İnsan ve Bilinç -1-

Cemal Zöngür kullanıcısının resmi
İnsanileşmeye Doğru: Metafiziğin belirttiği gibi, insan kesinlikle günümüzde sahip olduğu özelliklerle hazır şekilde var olan bir canlı değildir.

Bizi insanlaşmaya götüren ilk yapı 1,4 kilo ağırlığında olan beyin içerisindeki 100 milyar hücredir. İkinci aşamaysa bu hücrelerin bilinç merkezindeki Frontal ve Parietal Lopların sınırsız şekilde deneyim ve bilgileri kaydedip, sorgulama (Reaksiyon) yeteneğini yükseltmesidir.
 
İnsan bilincinin özelliklerine geçmeden önce, insanın biyolojik olarak temel yaşamıyla ilgili kısa ön bilgileri hatırladıktan sonra, bilinci yorumlamak daha kolay olacaktır. Evren ve dünyada var olan bütün canlılar, öncelikle beslenme güdüsüyle hazır şekilde doğarlar. Beslenme ihtiyacı giderilmeden hiçbir canlı diğer güdü ve edimlerini harekete geçiremezler. Canlılar için beslenme tek ve ilk var oluş kaynak olduğuna göre, beslenmenin şekli, yeterliliği, çeşitliliği ve zenginliği insanda hem fizyolojik hem de duygu düşünce ve sosyalleşme açısından inanılmayacak değişimler yaratandır. Beslenmeye bağlı olarak diğer güdüler sürekli çalışıp değişimler gösterirken, edinilen bilgilerin niteliğine göre fonksiyonelleşir bilinç. Beslenme deyip geçilmemelidir.
Her canlı türde olduğu gibi, insanda yediği besinler sayesinde önce Amino Asitlere sahip olur. Amino Asitler + Protein üretir, Proteinler + Homon, Hormonlar da yeterince uyarıcı (Dopamin) salgılar. Dopamin; hücreler başta olmak üzere, beynin ana merkezindeki duyguların (Amigdala) şahlanmasını sağlayan biyolojik kimyasaldır. Bu olay hayvanlarda, hücrelerin sayısal yetersizliği, beyin yapılarının küçük, beyin hücrelerinin sınırlı hareket etmesi sonucunda, insanlar kadar derin bilinçsel hafızaya sahip olamadıkları gibi, duygu ve hareketleri bu yüzden sınırlıdır.
Temel bu gerçeklikten hareketle, insan ilk (Pro) düşüncesini sınırlı şekilde kullanmaya başladığı Paleolitik ve Mezolitik çağlarda, daha çok diğer hayvanların beslenme şekline yakın güdü ve doğal olanaklarla hayatlarını sürdürmüşlerdir.
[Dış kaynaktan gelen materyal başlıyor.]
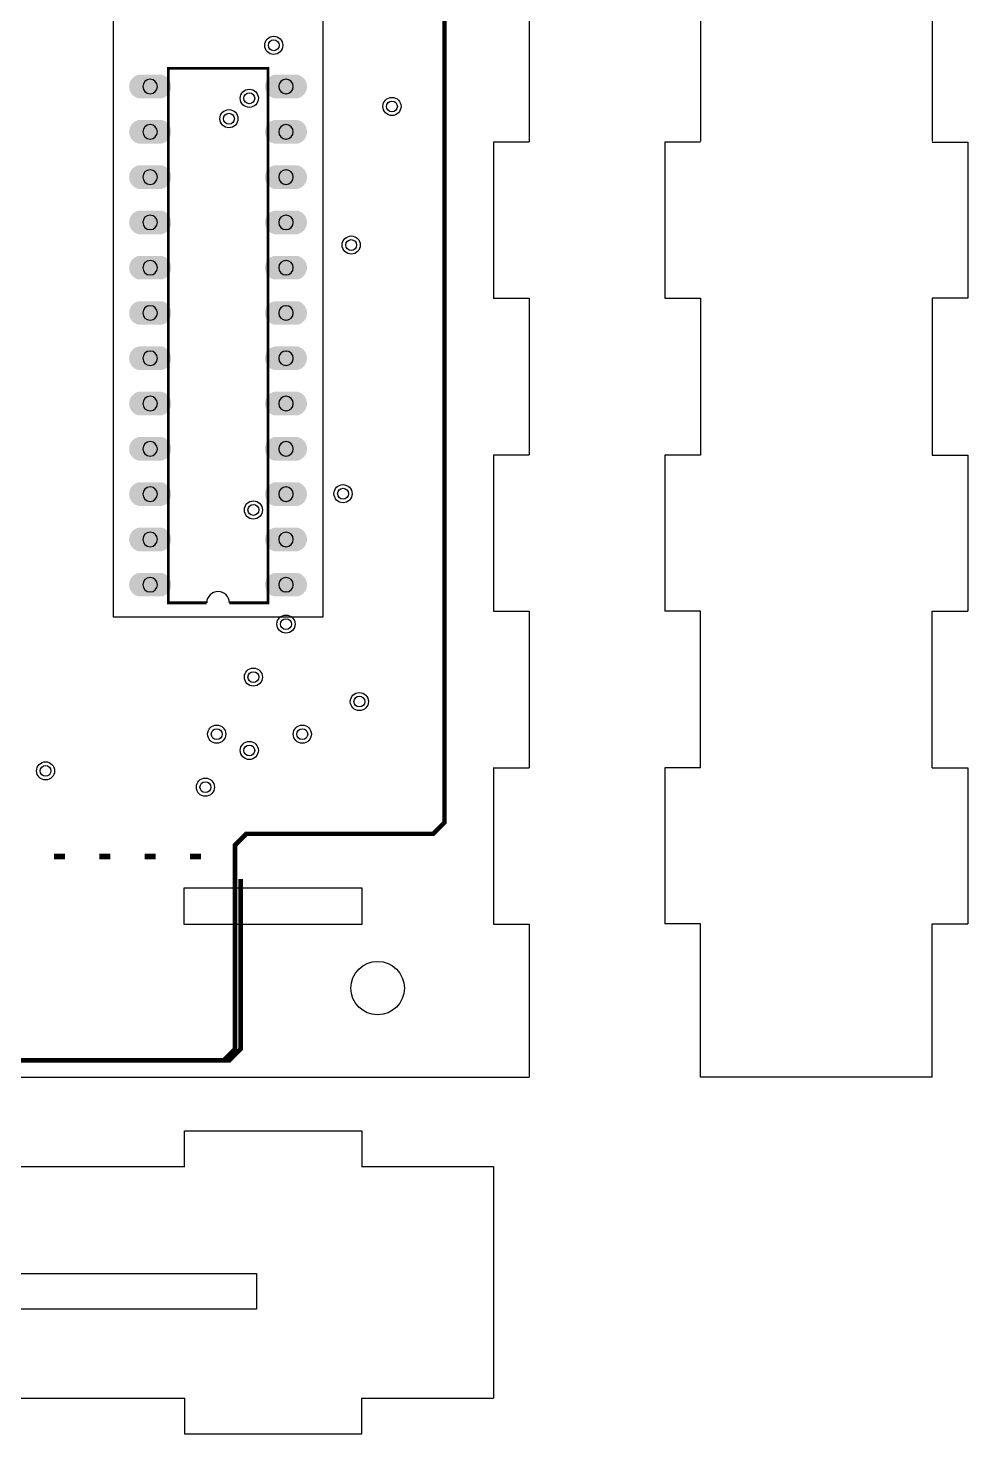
# Model space of a CAD drawing. Header units: millimetres. Extents: x -269 to 152, y -111 to 76.
# Drawn here: x 80.4 to 133.1, y -90 to -11.2 of the extents above; entities that cross this region are included whole.
import ezdxf

# ---------------------------------------------------------------- set-up
doc = ezdxf.new("R2010")
doc.units = ezdxf.units.MM
doc.layers.get('0').update_dxf_attribs({"color": 18, "lineweight": 25, "true_color": 0x000000})
doc.layers.add('iBOLIT', color=1, linetype='Continuous', lineweight=25, true_color=0xff0000)

msp = doc.modelspace()

# ---------------------------------------------------------------- hatches: boundary and pattern name
at = {"layer": 'iBOLIT', "transparency": 33554687}
h = msp.add_hatch(color=256, dxfattribs=at)
edge = h.paths.add_edge_path(flags=0)
edge.add_arc((87.73908077588237, -14.43491599999995), 0.6797621712253882, -76.29205197444543, 76.29205197444543, ccw=False)
edge.add_line((87.90016600000008, -15.09531599999995), (86.57936600000006, -15.09531599999995))
edge.add_arc((86.74045122411778, -14.43491599999995), 0.6797621712253882, 103.70794802555469, 256.2920519744453, ccw=False)
edge.add_line((86.57936600000006, -13.77451599999995), (87.90016600000008, -13.77451599999995))
h = msp.add_hatch(color=256, dxfattribs=at)
edge = h.paths.add_edge_path(flags=0)
edge.add_arc((95.35908077588236, -14.43491599999995), 0.6797621712253882, -76.29205197444543, 76.29205197444543, ccw=False)
edge.add_line((95.52016600000007, -15.09531599999995), (94.19936600000007, -15.09531599999995))
edge.add_arc((94.36045122411777, -14.43491599999995), 0.6797621712253882, 103.70794802555469, 256.2920519744453, ccw=False)
edge.add_line((94.19936600000005, -13.77451599999995), (95.52016600000007, -13.77451599999995))
h = msp.add_hatch(color=256, dxfattribs=at)
edge = h.paths.add_edge_path(flags=0)
edge.add_arc((87.73908077588237, -16.97491599999995), 0.6797621712253882, -76.29205197444543, 76.29205197444543, ccw=False)
edge.add_line((87.90016600000008, -17.63531599999995), (86.57936600000006, -17.63531599999995))
edge.add_arc((86.74045122411778, -16.97491599999995), 0.6797621712253882, 103.70794802555469, 256.2920519744453, ccw=False)
edge.add_line((86.57936600000006, -16.31451599999995), (87.90016600000008, -16.31451599999995))
h = msp.add_hatch(color=256, dxfattribs=at)
edge = h.paths.add_edge_path(flags=0)
edge.add_arc((95.35908077588236, -16.97491599999995), 0.6797621712253882, -76.29205197444543, 76.29205197444543, ccw=False)
edge.add_line((95.52016600000007, -17.63531599999995), (94.19936600000007, -17.63531599999995))
edge.add_arc((94.36045122411777, -16.97491599999995), 0.6797621712253882, 103.70794802555469, 256.2920519744453, ccw=False)
edge.add_line((94.19936600000005, -16.31451599999995), (95.52016600000007, -16.31451599999995))
h = msp.add_hatch(color=256, dxfattribs=at)
edge = h.paths.add_edge_path(flags=0)
edge.add_arc((87.73908077588237, -19.51491599999995), 0.6797621712253882, -76.29205197444543, 76.29205197444543, ccw=False)
edge.add_line((87.90016600000008, -20.17531599999995), (86.57936600000006, -20.17531599999995))
edge.add_arc((86.74045122411778, -19.51491599999995), 0.6797621712253882, 103.70794802555469, 256.2920519744453, ccw=False)
edge.add_line((86.57936600000006, -18.85451599999995), (87.90016600000008, -18.85451599999995))
h = msp.add_hatch(color=256, dxfattribs=at)
edge = h.paths.add_edge_path(flags=0)
edge.add_arc((95.35908077588236, -19.51491599999995), 0.6797621712253882, -76.29205197444543, 76.29205197444543, ccw=False)
edge.add_line((95.52016600000007, -20.17531599999995), (94.19936600000007, -20.17531599999995))
edge.add_arc((94.36045122411777, -19.51491599999995), 0.6797621712253882, 103.70794802555469, 256.2920519744453, ccw=False)
edge.add_line((94.19936600000005, -18.85451599999995), (95.52016600000007, -18.85451599999995))
h = msp.add_hatch(color=256, dxfattribs=at)
edge = h.paths.add_edge_path(flags=0)
edge.add_arc((87.73908077588237, -22.05491599999995), 0.6797621712253882, -76.29205197444543, 76.29205197444543, ccw=False)
edge.add_line((87.90016600000008, -22.71531599999995), (86.57936600000006, -22.71531599999995))
edge.add_arc((86.74045122411778, -22.05491599999995), 0.6797621712253882, 103.70794802555469, 256.2920519744453, ccw=False)
edge.add_line((86.57936600000006, -21.39451599999995), (87.90016600000008, -21.39451599999995))
h = msp.add_hatch(color=256, dxfattribs=at)
edge = h.paths.add_edge_path(flags=0)
edge.add_arc((95.35908077588236, -22.05491599999995), 0.6797621712253882, -76.29205197444543, 76.29205197444543, ccw=False)
edge.add_line((95.52016600000007, -22.71531599999995), (94.19936600000007, -22.71531599999995))
edge.add_arc((94.36045122411777, -22.05491599999995), 0.6797621712253882, 103.70794802555469, 256.2920519744453, ccw=False)
edge.add_line((94.19936600000005, -21.39451599999995), (95.52016600000007, -21.39451599999995))
h = msp.add_hatch(color=256, dxfattribs=at)
edge = h.paths.add_edge_path(flags=0)
edge.add_arc((87.73908077588237, -24.59491599999996), 0.6797621712253882, -76.29205197444543, 76.29205197444543, ccw=False)
edge.add_line((87.90016600000008, -25.25531599999996), (86.57936600000006, -25.25531599999995))
edge.add_arc((86.74045122411778, -24.59491599999996), 0.6797621712253882, 103.70794802555469, 256.2920519744453, ccw=False)
edge.add_line((86.57936600000006, -23.93451599999996), (87.90016600000008, -23.93451599999996))
h = msp.add_hatch(color=256, dxfattribs=at)
edge = h.paths.add_edge_path(flags=0)
edge.add_arc((95.35908077588236, -24.59491599999996), 0.6797621712253882, -76.29205197444543, 76.29205197444543, ccw=False)
edge.add_line((95.52016600000007, -25.25531599999996), (94.19936600000007, -25.25531599999995))
edge.add_arc((94.36045122411777, -24.59491599999996), 0.6797621712253882, 103.70794802555469, 256.2920519744453, ccw=False)
edge.add_line((94.19936600000005, -23.93451599999996), (95.52016600000007, -23.93451599999996))
h = msp.add_hatch(color=256, dxfattribs=at)
edge = h.paths.add_edge_path(flags=0)
edge.add_arc((87.73908077588237, -27.13491599999995), 0.6797621712253882, -76.29205197444543, 76.29205197444543, ccw=False)
edge.add_line((87.90016600000008, -27.79531599999995), (86.57936600000006, -27.79531599999995))
edge.add_arc((86.74045122411778, -27.13491599999995), 0.6797621712253882, 103.70794802555469, 256.2920519744453, ccw=False)
edge.add_line((86.57936600000006, -26.47451599999995), (87.90016600000008, -26.47451599999995))
h = msp.add_hatch(color=256, dxfattribs=at)
edge = h.paths.add_edge_path(flags=0)
edge.add_arc((95.35908077588236, -27.13491599999995), 0.6797621712253882, -76.29205197444543, 76.29205197444543, ccw=False)
edge.add_line((95.52016600000007, -27.79531599999995), (94.19936600000007, -27.79531599999995))
edge.add_arc((94.36045122411777, -27.13491599999995), 0.6797621712253882, 103.70794802555469, 256.2920519744453, ccw=False)
edge.add_line((94.19936600000005, -26.47451599999995), (95.52016600000007, -26.47451599999995))
h = msp.add_hatch(color=256, dxfattribs=at)
edge = h.paths.add_edge_path(flags=0)
edge.add_arc((87.73908077588237, -29.67491599999995), 0.6797621712253882, -76.29205197444543, 76.29205197444543, ccw=False)
edge.add_line((87.90016600000008, -30.33531599999995), (86.57936600000006, -30.33531599999995))
edge.add_arc((86.74045122411778, -29.67491599999995), 0.6797621712253882, 103.70794802555469, 256.2920519744453, ccw=False)
edge.add_line((86.57936600000006, -29.01451599999995), (87.90016600000008, -29.01451599999995))
h = msp.add_hatch(color=256, dxfattribs=at)
edge = h.paths.add_edge_path(flags=0)
edge.add_arc((95.35908077588236, -29.67491599999995), 0.6797621712253882, -76.29205197444543, 76.29205197444543, ccw=False)
edge.add_line((95.52016600000007, -30.33531599999995), (94.19936600000007, -30.33531599999995))
edge.add_arc((94.36045122411777, -29.67491599999995), 0.6797621712253882, 103.70794802555469, 256.2920519744453, ccw=False)
edge.add_line((94.19936600000005, -29.01451599999995), (95.52016600000007, -29.01451599999995))
h = msp.add_hatch(color=256, dxfattribs=at)
edge = h.paths.add_edge_path(flags=0)
edge.add_arc((87.73908077588237, -32.21491599999995), 0.6797621712253882, -76.29205197444543, 76.29205197444543, ccw=False)
edge.add_line((87.90016600000008, -32.87531599999996), (86.57936600000006, -32.87531599999995))
edge.add_arc((86.74045122411778, -32.21491599999995), 0.6797621712253882, 103.70794802555469, 256.2920519744453, ccw=False)
edge.add_line((86.57936600000006, -31.55451599999995), (87.90016600000008, -31.55451599999995))
h = msp.add_hatch(color=256, dxfattribs=at)
edge = h.paths.add_edge_path(flags=0)
edge.add_arc((95.35908077588236, -32.21491599999995), 0.6797621712253882, -76.29205197444543, 76.29205197444543, ccw=False)
edge.add_line((95.52016600000007, -32.87531599999996), (94.19936600000007, -32.87531599999995))
edge.add_arc((94.36045122411777, -32.21491599999995), 0.6797621712253882, 103.70794802555469, 256.2920519744453, ccw=False)
edge.add_line((94.19936600000005, -31.55451599999995), (95.52016600000007, -31.55451599999995))
h = msp.add_hatch(color=256, dxfattribs=at)
edge = h.paths.add_edge_path(flags=0)
edge.add_arc((87.73908077588237, -34.75491599999995), 0.6797621712253882, -76.29205197444543, 76.29205197444543, ccw=False)
edge.add_line((87.90016600000008, -35.41531599999995), (86.57936600000006, -35.41531599999995))
edge.add_arc((86.74045122411778, -34.75491599999995), 0.6797621712253882, 103.70794802555469, 256.2920519744453, ccw=False)
edge.add_line((86.57936600000006, -34.09451599999995), (87.90016600000008, -34.09451599999995))
h = msp.add_hatch(color=256, dxfattribs=at)
edge = h.paths.add_edge_path(flags=0)
edge.add_arc((95.35908077588236, -34.75491599999995), 0.6797621712253882, -76.29205197444543, 76.29205197444543, ccw=False)
edge.add_line((95.52016600000007, -35.41531599999995), (94.19936600000007, -35.41531599999995))
edge.add_arc((94.36045122411777, -34.75491599999995), 0.6797621712253882, 103.70794802555469, 256.2920519744453, ccw=False)
edge.add_line((94.19936600000005, -34.09451599999995), (95.52016600000007, -34.09451599999995))
h = msp.add_hatch(color=256, dxfattribs=at)
edge = h.paths.add_edge_path(flags=0)
edge.add_arc((87.73908077588237, -37.29491599999995), 0.6797621712253882, -76.29205197444543, 76.29205197444543, ccw=False)
edge.add_line((87.90016600000008, -37.95531599999995), (86.57936600000006, -37.95531599999995))
edge.add_arc((86.74045122411778, -37.29491599999995), 0.6797621712253882, 103.70794802555469, 256.2920519744453, ccw=False)
edge.add_line((86.57936600000006, -36.63451599999995), (87.90016600000008, -36.63451599999995))
h = msp.add_hatch(color=256, dxfattribs=at)
edge = h.paths.add_edge_path(flags=0)
edge.add_arc((95.35908077588236, -37.29491599999995), 0.6797621712253882, -76.29205197444543, 76.29205197444543, ccw=False)
edge.add_line((95.52016600000007, -37.95531599999995), (94.19936600000007, -37.95531599999995))
edge.add_arc((94.36045122411777, -37.29491599999995), 0.6797621712253882, 103.70794802555469, 256.2920519744453, ccw=False)
edge.add_line((94.19936600000005, -36.63451599999995), (95.52016600000007, -36.63451599999995))
h = msp.add_hatch(color=256, dxfattribs=at)
edge = h.paths.add_edge_path(flags=0)
edge.add_arc((87.73908077588237, -39.83491599999995), 0.6797621712253882, -76.29205197444543, 76.29205197444543, ccw=False)
edge.add_line((87.90016600000008, -40.49531599999995), (86.57936600000006, -40.49531599999995))
edge.add_arc((86.74045122411778, -39.83491599999995), 0.6797621712253882, 103.70794802555469, 256.2920519744453, ccw=False)
edge.add_line((86.57936600000006, -39.17451599999995), (87.90016600000008, -39.17451599999995))
h = msp.add_hatch(color=256, dxfattribs=at)
edge = h.paths.add_edge_path(flags=0)
edge.add_arc((95.35908077588236, -39.83491599999995), 0.6797621712253882, -76.29205197444543, 76.29205197444543, ccw=False)
edge.add_line((95.52016600000007, -40.49531599999995), (94.19936600000007, -40.49531599999995))
edge.add_arc((94.36045122411777, -39.83491599999995), 0.6797621712253882, 103.70794802555469, 256.2920519744453, ccw=False)
edge.add_line((94.19936600000005, -39.17451599999995), (95.52016600000007, -39.17451599999995))
h = msp.add_hatch(color=256, dxfattribs=at)
edge = h.paths.add_edge_path(flags=0)
edge.add_arc((87.73908077588237, -42.37491599999995), 0.6797621712253882, -76.29205197444543, 76.29205197444543, ccw=False)
edge.add_line((87.90016600000008, -43.03531599999995), (86.57936600000006, -43.03531599999995))
edge.add_arc((86.74045122411778, -42.37491599999995), 0.6797621712253882, 103.70794802555469, 256.2920519744453, ccw=False)
edge.add_line((86.57936600000006, -41.71451599999995), (87.90016600000008, -41.71451599999995))
h = msp.add_hatch(color=256, dxfattribs=at)
edge = h.paths.add_edge_path(flags=0)
edge.add_arc((95.35908077588236, -42.37491599999995), 0.6797621712253882, -76.29205197444543, 76.29205197444543, ccw=False)
edge.add_line((95.52016600000007, -43.03531599999995), (94.19936600000007, -43.03531599999995))
edge.add_arc((94.36045122411777, -42.37491599999995), 0.6797621712253882, 103.70794802555469, 256.2920519744453, ccw=False)
edge.add_line((94.19936600000005, -41.71451599999995), (95.52016600000007, -41.71451599999995))
for points in [[(81.85496600000008, -57.46251599999994), (82.46456600000008, -57.46251599999994), (82.46456600000008, -57.76731599999994), (81.85496600000008, -57.76731599999994)], [(81.85496600000008, -57.46251599999994), (82.46456600000008, -57.46251599999994), (82.46456600000008, -57.76731599999994), (81.85496600000008, -57.76731599999994)], [(84.39496600000007, -57.46251599999994), (85.00456600000007, -57.46251599999994), (85.00456600000007, -57.76731599999994), (84.39496600000007, -57.76731599999994)], [(84.39496600000007, -57.46251599999994), (85.00456600000007, -57.46251599999994), (85.00456600000007, -57.76731599999994), (84.39496600000007, -57.76731599999994)], [(86.93496600000007, -57.46251599999994), (87.54456600000007, -57.46251599999994), (87.54456600000007, -57.76731599999994), (86.93496600000007, -57.76731599999994)], [(86.93496600000007, -57.46251599999994), (87.54456600000007, -57.46251599999994), (87.54456600000007, -57.76731599999994), (86.93496600000007, -57.76731599999994)], [(89.47496600000007, -57.46251599999994), (90.08456600000007, -57.46251599999994), (90.08456600000007, -57.76731599999994), (89.47496600000007, -57.76731599999994)], [(89.47496600000007, -57.46251599999994), (90.08456600000007, -57.46251599999994), (90.08456600000007, -57.76731599999994), (89.47496600000007, -57.76731599999994)]]:
    msp.add_hatch(color=256, dxfattribs=at).paths.add_polyline_path(points, flags=0)

# ---------------------------------------------------------------- linework, layer by layer
for p, q in [((85.16976600000008, 15.57483000000004), (85.16976600000008, -44.19091599999994)), ((96.92976600000006, 15.57483000000004), (96.92976600000006, -44.19091599999994)), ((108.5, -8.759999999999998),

On binlerce yıl önce aşama aşama tarımsal yaşam biçimini icat eden insan, böylece beslenmesini zenginleştirip egoist güdüler, düşünme yeteneği ve yaşam aktiviteleri gelişmiş oldu. Bunun sonucunda insan, hayvanlardan farklılaşabildi. İnsandaki her türlü gelişmeyi sağlayıp belirleyici yapılar şunlardır.
1-Beyindeki sinir hücrelerin sınırsız hareketli olması.
2-Bilinç merkezindeki hücreler doğa, çevre ve varlıkların özelliklerine göre reaksiyon gösterip, sorgu ve de düşünsel mekanizmayı güçlendirmesi.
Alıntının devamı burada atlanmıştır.